Adapting technology that has become the standard in the automotive, aerospace and air-conditioning industries, Professor Gerardo Diaz has designed and is testing the next generation of solar-collecting units at UC Merced.
”We’re getting about 10 percent increase in efficiency,” said Diaz, with the School of Engineering and co-director of UC Solar.
With funding from the California Energy Commission, Diaz and three undergraduates and one graduate student built a solar water heater.
Instead of having water flow through copper pipes attached to a flat plate with a collective coating applied to it, this solar water-heating system uses flat minichannels, or tubes, made of aluminum with the coating applied directly to the tubes.
The flat tubes placed next to each other become one big solar collector, drawing the sun’s energy directly to the fluid that passes through hundreds of tiny channels.
Copper is usually twice as effective at conducting heat as aluminum, but Diaz said his aluminum minichannel configuration is outperforming standard copper flat-plate design in delivering warmed water to a collecting tank, even on cloudy days.
And that’s just using a set of minichannel pieces that a large aluminum company had available and a cheap solar-collection coating applied to the tubes.
Being able to make the minichannel panels out of copper with a higher-quality coating would increase efficiency even more, Diaz said, though they would have to be mass produced to be cost efficient.

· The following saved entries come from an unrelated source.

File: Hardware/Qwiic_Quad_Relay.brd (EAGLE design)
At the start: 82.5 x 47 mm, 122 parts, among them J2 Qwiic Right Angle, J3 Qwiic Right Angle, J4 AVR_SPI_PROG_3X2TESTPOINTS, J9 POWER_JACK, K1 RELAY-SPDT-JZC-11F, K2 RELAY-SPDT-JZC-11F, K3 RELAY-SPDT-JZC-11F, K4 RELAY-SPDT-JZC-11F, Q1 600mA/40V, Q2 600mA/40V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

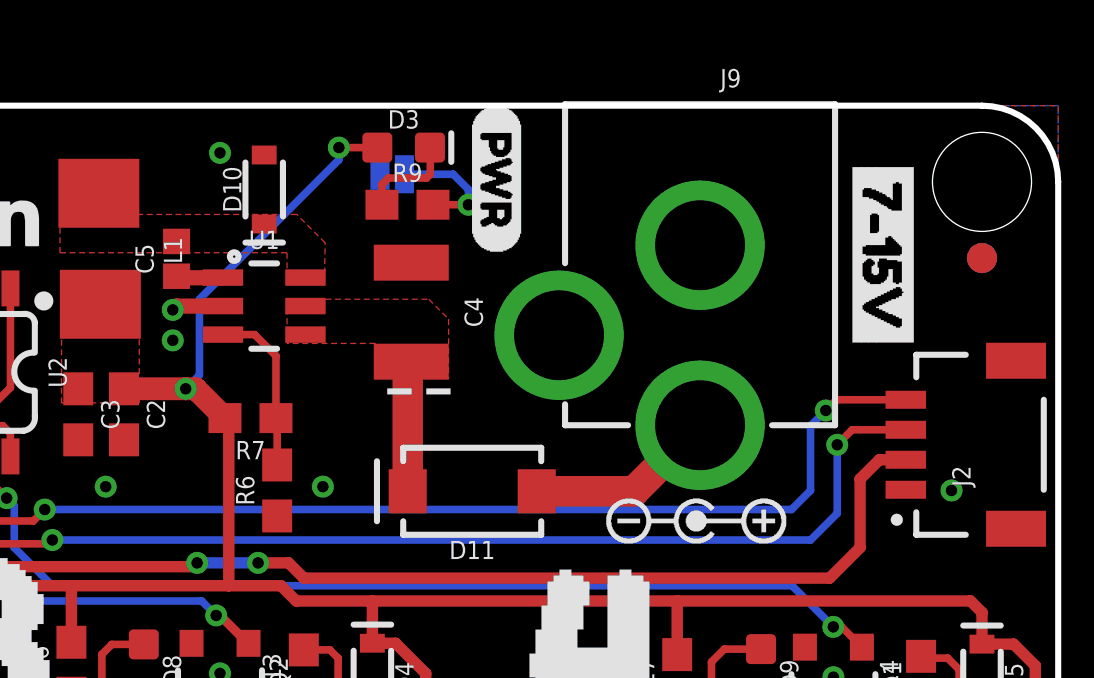
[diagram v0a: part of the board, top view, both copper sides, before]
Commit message: Adjusts silk, add bypass jumper, corrects feedback pin resistor values -> output: 5.35V
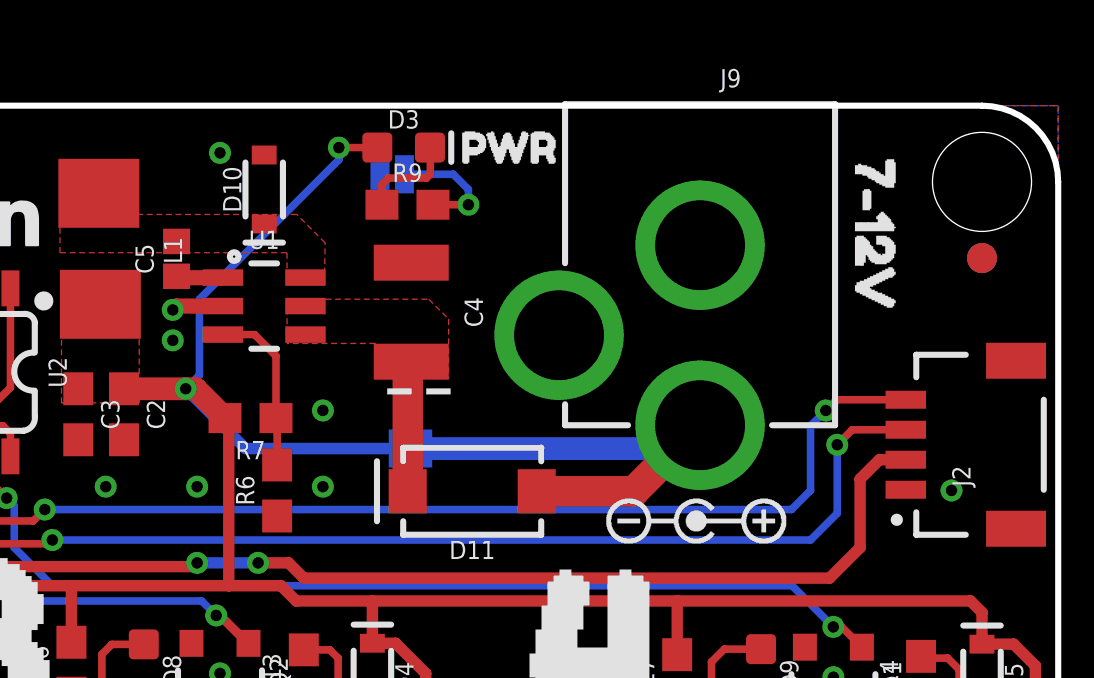
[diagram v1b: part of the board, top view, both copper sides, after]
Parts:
- removed U$53: (no value), 7-15V:7#15V0
- added BYP: JUMPER-SMT_2_NO_SILK, SparkFun-Jumpers:SMT-JUMPER_2_NO_SILK
- added U$14: (no value), SparkFun-Buzzard:BYP
- added U$46: (no value), SparkFun-Buzzard:PWR_TO
- R6: value 20k -> 2.0k
- R7: value 100k -> 12k
- U$1: device Labels:PWR-()-04 -> POWER_IN:7#12V0
- U$49: device 7-15V:7#15V0 -> POWER_IN:7#12V0
- moved U$1 12.6 mm to (76.5, 46.4)
- moved U$52 1.20 mm to (64.4, 32.5)
- moved U$50 1.09 mm to (67.4, 33.8)
- moved U$49 0.77 mm to (76.6, 46.4), flipped to the bottom
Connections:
- net 5V: now also BYP.2
- net VIN: now also BYP.1
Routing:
- net VIN: track 6.36 -> 15.9 mm
- net 5V: track 172.5 -> 180.4 mm
- net GND: vias 19 -> 21

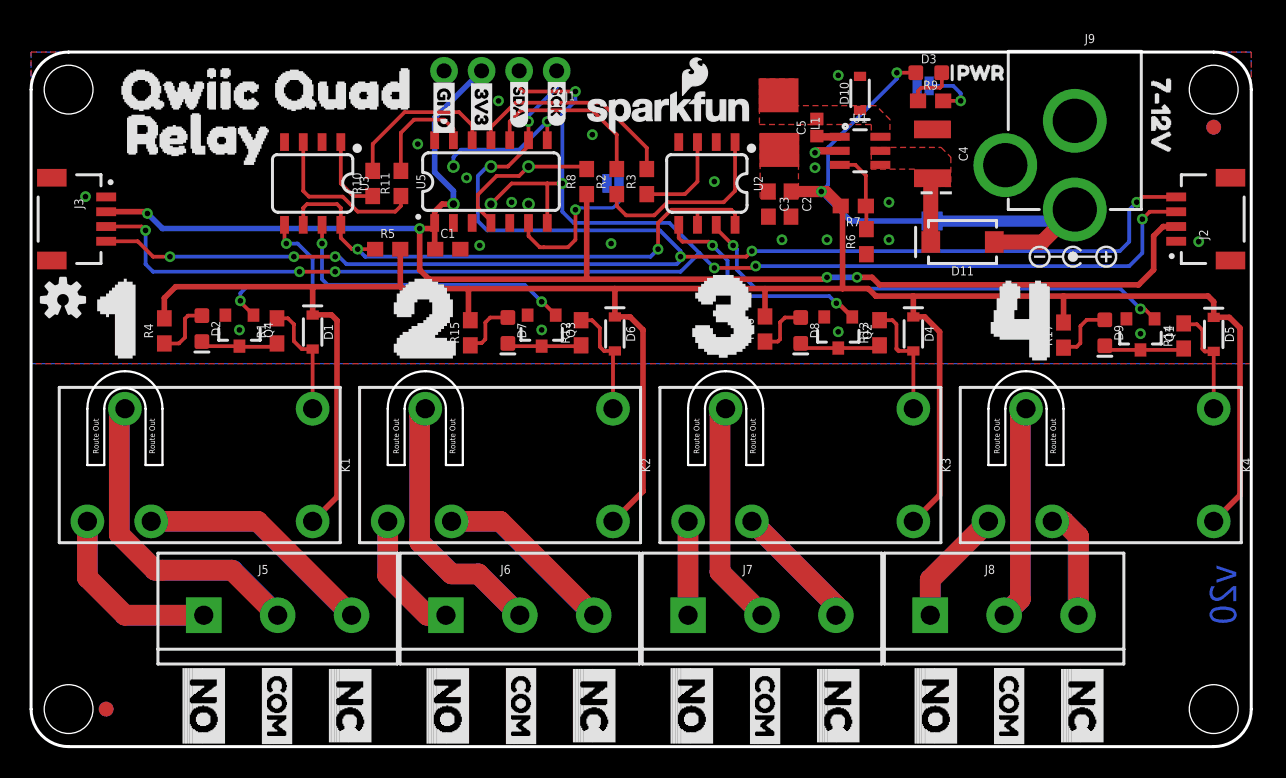
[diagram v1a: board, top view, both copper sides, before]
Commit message: Updates schematic
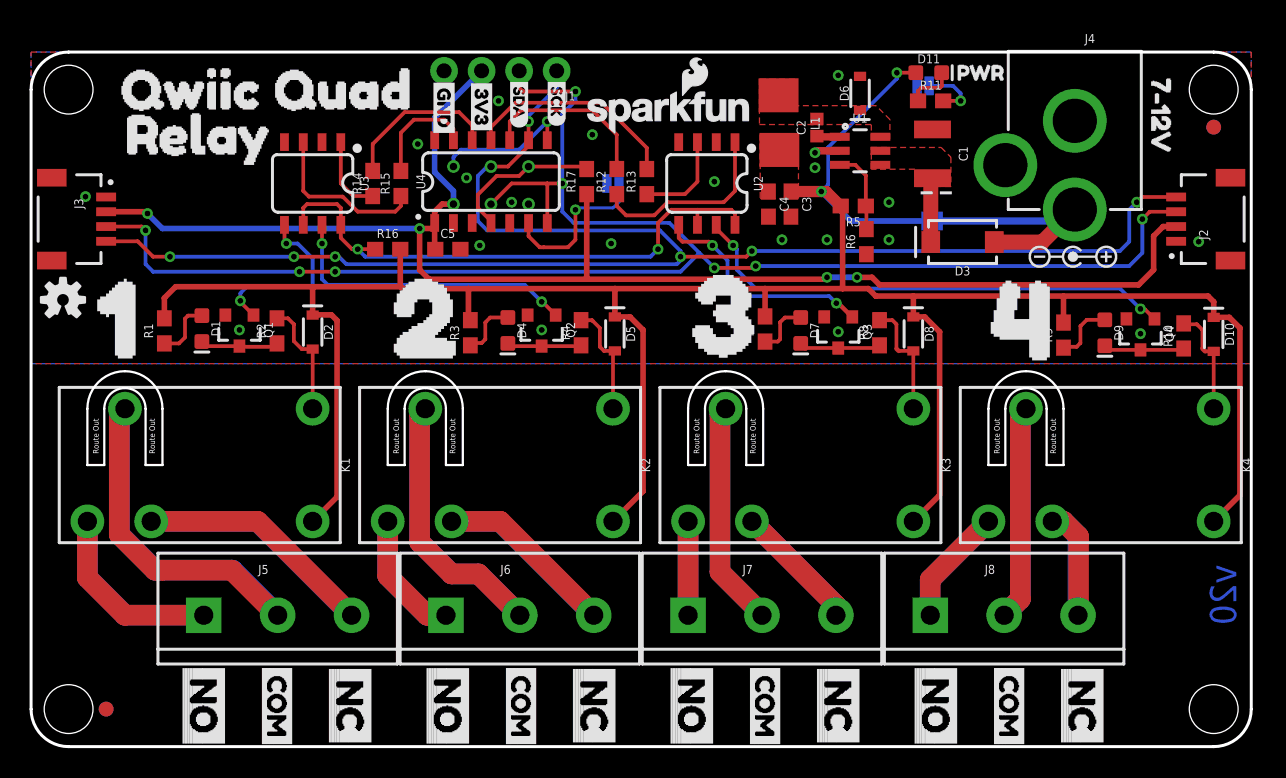
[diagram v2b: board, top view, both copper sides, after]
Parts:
- removed ADDR, BYP, LED: JUMPER-SMT_2_NO_SILK, SparkFun-Jumpers:SMT-JUMPER_2_NO_SILK
- removed JP8, JP9: FIDUCIAL1X2, SparkFun-Aesthetics:FIDUCIAL-1X2
- added FD1, FD2, FD3, FD4: FIDUCIAL1X2, SparkFun-Aesthetics:FIDUCIAL-1X2
- added JP7: STAND-OFF, SparkFun:STAND-OFF
- C1: value 0.1uF -> 10uF; device SparkFun-Capacitors:0603 -> SparkFun-Capacitors:EIA3528
- C2: value 10uF -> 0.1uF; device SparkFun-Capacitors:0603 -> SparkFun-Capacitors:0402
- C4: device SparkFun-Capacitors:EIA3528 -> SparkFun-Capacitors:0603
- C5: device SparkFun-Capacitors:0402 -> SparkFun-Capacitors:0603
- D1, D4: value 1A/23V/620mV -> BLUE; device SparkFun-DiscreteSemi:SOD-323 -> SparkFun-LED:LED-0603
- D10: value 3A/10V/280mV -> 1A/23V/620mV
- D11: value 1A/40V/500mV -> RED; device SparkFun-DiscreteSemi:SMA-DIODE -> SparkFun-LED:LED-0603
- D2, D8: value BLUE -> 1A/23V/620mV; device SparkFun-LED:LED-0603 -> SparkFun-DiscreteSemi:SOD-323
- D3: value RED -> 1A/40V/500mV; device SparkFun-LED:LED-0603 -> SparkFun-DiscreteSemi:SMA-DIODE
- D6: value 1A/23V/620mV -> 3A/10V/280mV
- J4: value AVR_SPI_PROG_3X2TESTPOINTS -> POWER_JACK; device SparkFun-Connectors:2X3_TEST_POINTS -> SparkFun-Connectors:POWER_JACK_PTH
- J9: value POWER_JACK -> AVR_SPI_PROG_3X2TESTPOINTS; device SparkFun-Connectors:POWER_JACK_PTH -> SparkFun-Connectors:2X3_TEST_POINTS
- JP1, JP3: value STAND-OFF -> JUMPER-SMT_2_NO_SILK; device SparkFun:STAND-OFF -> SparkFun-Jumpers:SMT-JUMPER_2_NO_SILK
- JP2: value FIDUCIAL1X2 -> JUMPER-SMT_2_NO_SILK; device SparkFun-Aesthetics:FIDUCIAL-1X2 -> SparkFun-Jumpers:SMT-JUMPER_2_NO_SILK
- JP6: value FIDUCIAL1X2 -> STAND-OFF; device SparkFun-Aesthetics:FIDUCIAL-1X2 -> SparkFun:STAND-OFF
- LOGO1: value OSHW-LOGOS -> SFE_LOGO_NAME_FLAME.1_INCH; device SparkFun-Aesthetics:OSHW-LOGO-S -> SparkFun-Aesthetics:SFE_LOGO_NAME_FLAME_.1
- LOGO2: value SFE_LOGO_NAME_FLAME.1_INCH -> OSHW-LOGOS; device SparkFun-Aesthetics:SFE_LOGO_NAME_FLAME_.1 -> SparkFun-Aesthetics:OSHW-LOGO-S
- R1: value 33 -> 1k
- R10, R2: value 100 -> 33
- R11, R3: value 100 -> 1k
- R12, R13, R14: value 33 -> 100
- R15: value 1k -> 100
- R16: value 1k -> 330
- R17: value 1k -> 10k
- R4: value 1k -> 33
- R5: value 330 -> 12k
- R7: value 12k -> 1k
- R8: value 10k -> 33
- moved JP4 77.5 mm to (2.54, 44.5)
- moved JP1 67.1 mm to (61.0, 35.6), flipped to the bottom
- moved Q1 61.0 mm to (14.1, 28.2)
- moved Q4 61.0 mm to (75.1, 27.9)
- moved R10 55.8 mm to (78.0, 27.8)
- moved R14 55.8 mm to (23.1, 38.1)
- moved LOGO1 42.9 mm to (43.2, 42.9)
- moved LOGO2 42.9 mm to (2.16, 30.2)
- moved JP5 41.9 mm to (80.0, 44.5)
- moved J4 41.3 mm to (70.6, 50.0), flipped to the top
- moved J9 41.3 mm to (31.1, 38.0), flipped to the bottom
- moved D5 40.5 mm to (39.5, 27.9)
- moved JP3 37.4 mm to (39.4, 38.1), flipped to the bottom
- moved R11 36.3 mm to (60.9, 43.7), turned to 0 degrees
- moved R17 33.9 mm to (37.6, 38.2)
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- renumbered FRAME2 to FRAME1, U5 to U4
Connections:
- net !RESET: now also J9.5, R17.2; no longer J4.5, R8.2
- net 3.3V: now also C5.1, J9.2, R17.1; no longer C1.1, J4.2, R8.1
- net 5V: now also C4.1, D10.C, D11.A, D2.C, D8.C, JP1.2, R1.2, R3.2, R9.2; no longer BYP.2, C2.1, D1.C, D3.A, D4.C, D6.C, R15.2, R17.2, R4.2
- net ADDR_JUMP: now also JP3.1; no longer ADDR.1
- net CB: now also C2.1; no longer C5.1
- net FB: now also R5.1; no longer R7.1
- net GND: now also C1.C, C4.2, C5.2, D6.A, J4.GND, J4.GNDBREAK, J9.6, JP2.1, JP3.2; no longer ADDR.2, C1.2, C2.2, C4.C, D10.A, J4.6, J9.GND, J9.GNDBREAK, LED.1
- net MISO: now also J9.1; no longer J4.1
- net N$1: now also D1.A, R1.1; no longer D2.A, R4.1
- net N$10: now also D2.A, R2.2; no longer D1.A, R1.2
- net N$11: now also R13.1; no longer R3.1
- net N$12: now also D4.C, Q2.3, R4.1; no longer D7.C, Q3.3, R12.1
- net N$13: now also D11.C, R11.1; no longer D3.C, R9.1
- net N$14: now also JP2.2, R11.2; no longer LED.2, R9.2
- net N$15: now also D7.C, Q3.3, R8.1; no longer D8.C, Q2.3, R13.1
- net N$17: now also Q4.3, R10.1; no longer Q1.3, R14.1
- net N$18: now also D5.A, R4.2; no longer D6.A, R12.2
- net N$2: now also D1.C, Q1.3, R2.1; no longer D2.C, Q4.3, R1.1
- net N$23: now also D8.A, R8.2; no longer D4.A, R13.2
- net N$24: now also D10.A, R10.2; no longer D5.A, R14.2
- net N$3: now also R15.1; no longer R11.1
- net N$4: now also D4.A, R3.1; no longer D7.A, R15.1
- net N$5: now also R14.1; no longer R10.1
- net N$6: now also R16.1; no longer R5.1
- net N$7: now also D7.A, R7.1; no longer D8.A, R16.1
- net N$8: now also R9.1; no longer R17.1
- net N$9: now also R12.1; no longer R2.1
- net OPTO_1: now also Q1.1; no longer Q4.1
- net OPTO_2: now also Q2.1; no longer Q3.1
- net OPTO_3: now also Q3.1; no longer Q2.1
- net OPTO_4: now also Q4.1; no longer Q1.1
- net RELAY_CTRL1: now also R12.2; no longer R2.2
- net RELAY_CTRL2: now also R13.2; no longer R3.2
- net RELAY_CTRL3: now also R14.2; no longer R10.2
- net RELAY_CTRL4: now also R15.2; no longer R11.2
- net SCL/SCK: now also J9.3; no longer J4.3
- net SDA/MOSI: now also J9.4; no longer J4.4
- net SW: now also C2.2, D6.C; no longer C5.2, D10.C
- net VIN: now also D3.A, J4.PWR, JP1.1; no longer BYP.1, D11.A, J9.PWR
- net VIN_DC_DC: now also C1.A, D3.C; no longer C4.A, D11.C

“The aluminum ones are already mass produced, so they cost pennies,” he said.
Diaz’s research and invention are one more way UC Merced researchers are using what is abundant in the San Joaquin Valley – in this case, sunshine – to deliver what could become game-changing technology.
Minichannels have been used for years in car radiators and heating-and-cooling systems, but this is the beginning of exploring their use in solar-energy collection. Diaz has applied for a patent on his invention, and is seeking grants for further research to optimize the system.
Diaz’s students developed the automatic control system that starts and stops the circulation pumps, as well as the temperature controls for the storage tank. The collection panel is installed on the roof at the campus’s Castle research facility, and undergraduate mechanical engineering student Azucena Robles, from Bakersfield, designed a data collection system that checks and records temperatures, flow rates and solar irradiance, so the research can be monitored from anywhere. UC Merced Facilities Department constructed the minichannel solar collector.
Diaz and his students have been collecting data since March, and want a full year’s worth of information to report on.